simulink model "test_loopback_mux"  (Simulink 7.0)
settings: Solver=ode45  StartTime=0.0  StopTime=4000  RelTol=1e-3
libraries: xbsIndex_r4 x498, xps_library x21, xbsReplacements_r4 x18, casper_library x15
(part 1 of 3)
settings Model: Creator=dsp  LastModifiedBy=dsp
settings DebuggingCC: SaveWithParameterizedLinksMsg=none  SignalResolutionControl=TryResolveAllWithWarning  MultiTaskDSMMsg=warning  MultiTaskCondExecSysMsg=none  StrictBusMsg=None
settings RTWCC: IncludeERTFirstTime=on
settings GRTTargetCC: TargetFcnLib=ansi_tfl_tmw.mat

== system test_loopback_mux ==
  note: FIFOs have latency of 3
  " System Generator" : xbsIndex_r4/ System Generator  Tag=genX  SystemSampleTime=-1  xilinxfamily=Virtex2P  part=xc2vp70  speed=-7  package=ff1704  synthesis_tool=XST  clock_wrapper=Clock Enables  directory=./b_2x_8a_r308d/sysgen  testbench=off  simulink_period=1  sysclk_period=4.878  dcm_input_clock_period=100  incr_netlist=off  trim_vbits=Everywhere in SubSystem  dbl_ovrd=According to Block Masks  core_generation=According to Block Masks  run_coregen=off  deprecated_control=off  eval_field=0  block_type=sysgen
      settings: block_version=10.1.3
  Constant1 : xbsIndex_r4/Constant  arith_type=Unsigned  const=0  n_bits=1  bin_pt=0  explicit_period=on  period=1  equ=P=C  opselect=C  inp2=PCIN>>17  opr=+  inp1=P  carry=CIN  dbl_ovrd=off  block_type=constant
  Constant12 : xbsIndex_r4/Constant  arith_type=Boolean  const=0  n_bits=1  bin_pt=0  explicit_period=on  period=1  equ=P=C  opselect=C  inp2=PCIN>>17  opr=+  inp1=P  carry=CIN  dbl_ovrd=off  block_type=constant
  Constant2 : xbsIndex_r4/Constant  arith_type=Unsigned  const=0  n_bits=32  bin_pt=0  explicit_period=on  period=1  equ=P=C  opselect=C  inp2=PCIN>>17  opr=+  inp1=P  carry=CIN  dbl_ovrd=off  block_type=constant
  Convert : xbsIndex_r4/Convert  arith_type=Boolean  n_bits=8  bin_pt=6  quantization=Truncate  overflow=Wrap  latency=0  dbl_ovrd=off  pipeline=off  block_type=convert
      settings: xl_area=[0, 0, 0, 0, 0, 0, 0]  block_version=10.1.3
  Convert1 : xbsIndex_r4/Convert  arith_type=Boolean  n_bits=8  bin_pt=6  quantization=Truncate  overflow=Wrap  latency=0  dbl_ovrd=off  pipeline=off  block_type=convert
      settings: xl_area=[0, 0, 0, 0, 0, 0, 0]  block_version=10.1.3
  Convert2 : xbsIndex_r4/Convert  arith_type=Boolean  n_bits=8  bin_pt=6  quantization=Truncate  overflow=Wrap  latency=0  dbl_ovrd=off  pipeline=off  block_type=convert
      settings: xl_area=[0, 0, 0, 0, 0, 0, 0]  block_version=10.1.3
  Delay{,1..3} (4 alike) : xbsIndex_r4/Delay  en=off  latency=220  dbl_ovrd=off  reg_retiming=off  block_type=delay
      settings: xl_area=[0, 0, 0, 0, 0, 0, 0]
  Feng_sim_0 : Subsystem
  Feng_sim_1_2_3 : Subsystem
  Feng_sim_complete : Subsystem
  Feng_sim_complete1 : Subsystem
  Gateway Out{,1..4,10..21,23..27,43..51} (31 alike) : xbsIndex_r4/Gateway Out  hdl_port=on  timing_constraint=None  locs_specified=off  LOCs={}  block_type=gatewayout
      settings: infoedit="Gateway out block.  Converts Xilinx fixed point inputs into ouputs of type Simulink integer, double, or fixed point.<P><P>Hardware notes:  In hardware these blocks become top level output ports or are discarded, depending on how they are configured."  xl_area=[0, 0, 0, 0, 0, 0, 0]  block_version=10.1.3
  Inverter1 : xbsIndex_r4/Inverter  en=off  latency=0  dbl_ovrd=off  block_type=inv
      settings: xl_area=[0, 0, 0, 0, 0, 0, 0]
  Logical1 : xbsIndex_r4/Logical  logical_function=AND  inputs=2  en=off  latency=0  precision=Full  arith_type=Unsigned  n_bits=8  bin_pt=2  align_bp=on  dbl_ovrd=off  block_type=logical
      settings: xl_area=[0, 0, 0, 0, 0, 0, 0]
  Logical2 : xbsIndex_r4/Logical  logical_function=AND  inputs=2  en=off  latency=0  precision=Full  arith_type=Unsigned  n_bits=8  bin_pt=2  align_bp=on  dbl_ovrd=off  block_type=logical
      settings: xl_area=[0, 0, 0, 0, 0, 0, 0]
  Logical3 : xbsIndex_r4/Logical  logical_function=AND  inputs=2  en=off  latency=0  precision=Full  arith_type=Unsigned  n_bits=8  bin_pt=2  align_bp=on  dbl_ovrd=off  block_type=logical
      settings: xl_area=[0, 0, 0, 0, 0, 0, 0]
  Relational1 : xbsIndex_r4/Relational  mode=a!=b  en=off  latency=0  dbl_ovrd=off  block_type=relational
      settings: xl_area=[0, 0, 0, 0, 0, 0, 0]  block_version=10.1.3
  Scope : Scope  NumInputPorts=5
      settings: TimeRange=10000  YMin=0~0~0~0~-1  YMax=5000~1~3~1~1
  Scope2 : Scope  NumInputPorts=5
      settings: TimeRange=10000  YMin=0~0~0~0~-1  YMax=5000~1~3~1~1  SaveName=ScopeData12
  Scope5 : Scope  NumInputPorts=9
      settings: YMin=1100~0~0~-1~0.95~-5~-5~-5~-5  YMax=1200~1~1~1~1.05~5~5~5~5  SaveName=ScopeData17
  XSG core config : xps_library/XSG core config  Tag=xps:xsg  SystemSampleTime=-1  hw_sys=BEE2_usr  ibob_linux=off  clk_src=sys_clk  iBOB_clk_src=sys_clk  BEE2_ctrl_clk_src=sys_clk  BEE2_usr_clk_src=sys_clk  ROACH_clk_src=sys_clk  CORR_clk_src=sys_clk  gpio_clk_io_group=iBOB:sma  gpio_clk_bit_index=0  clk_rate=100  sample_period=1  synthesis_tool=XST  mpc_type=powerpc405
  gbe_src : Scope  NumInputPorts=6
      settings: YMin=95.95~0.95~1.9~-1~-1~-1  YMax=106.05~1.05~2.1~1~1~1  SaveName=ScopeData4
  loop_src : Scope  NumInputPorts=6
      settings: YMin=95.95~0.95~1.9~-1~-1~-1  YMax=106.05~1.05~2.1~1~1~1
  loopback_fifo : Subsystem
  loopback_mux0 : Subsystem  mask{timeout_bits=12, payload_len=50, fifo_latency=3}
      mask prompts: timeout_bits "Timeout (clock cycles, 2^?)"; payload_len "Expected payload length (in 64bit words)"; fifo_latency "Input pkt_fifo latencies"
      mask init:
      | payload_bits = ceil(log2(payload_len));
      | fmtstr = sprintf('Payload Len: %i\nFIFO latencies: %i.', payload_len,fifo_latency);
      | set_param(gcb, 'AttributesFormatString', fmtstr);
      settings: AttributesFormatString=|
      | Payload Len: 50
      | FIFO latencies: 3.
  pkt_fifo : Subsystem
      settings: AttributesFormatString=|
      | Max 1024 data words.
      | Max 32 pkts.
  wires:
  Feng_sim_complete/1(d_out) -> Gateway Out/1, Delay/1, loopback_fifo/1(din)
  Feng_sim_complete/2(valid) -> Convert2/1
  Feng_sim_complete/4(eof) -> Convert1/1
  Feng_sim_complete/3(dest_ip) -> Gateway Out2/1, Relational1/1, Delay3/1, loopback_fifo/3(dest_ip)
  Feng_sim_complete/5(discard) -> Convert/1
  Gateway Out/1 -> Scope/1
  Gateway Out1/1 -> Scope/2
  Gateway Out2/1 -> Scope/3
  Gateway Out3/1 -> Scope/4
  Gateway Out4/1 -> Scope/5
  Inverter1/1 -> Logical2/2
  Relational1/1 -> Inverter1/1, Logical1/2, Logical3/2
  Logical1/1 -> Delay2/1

------------

Your reply is one number: how many lines of the records above contain the word "SaveName".

WRITTEN SOLUTION
3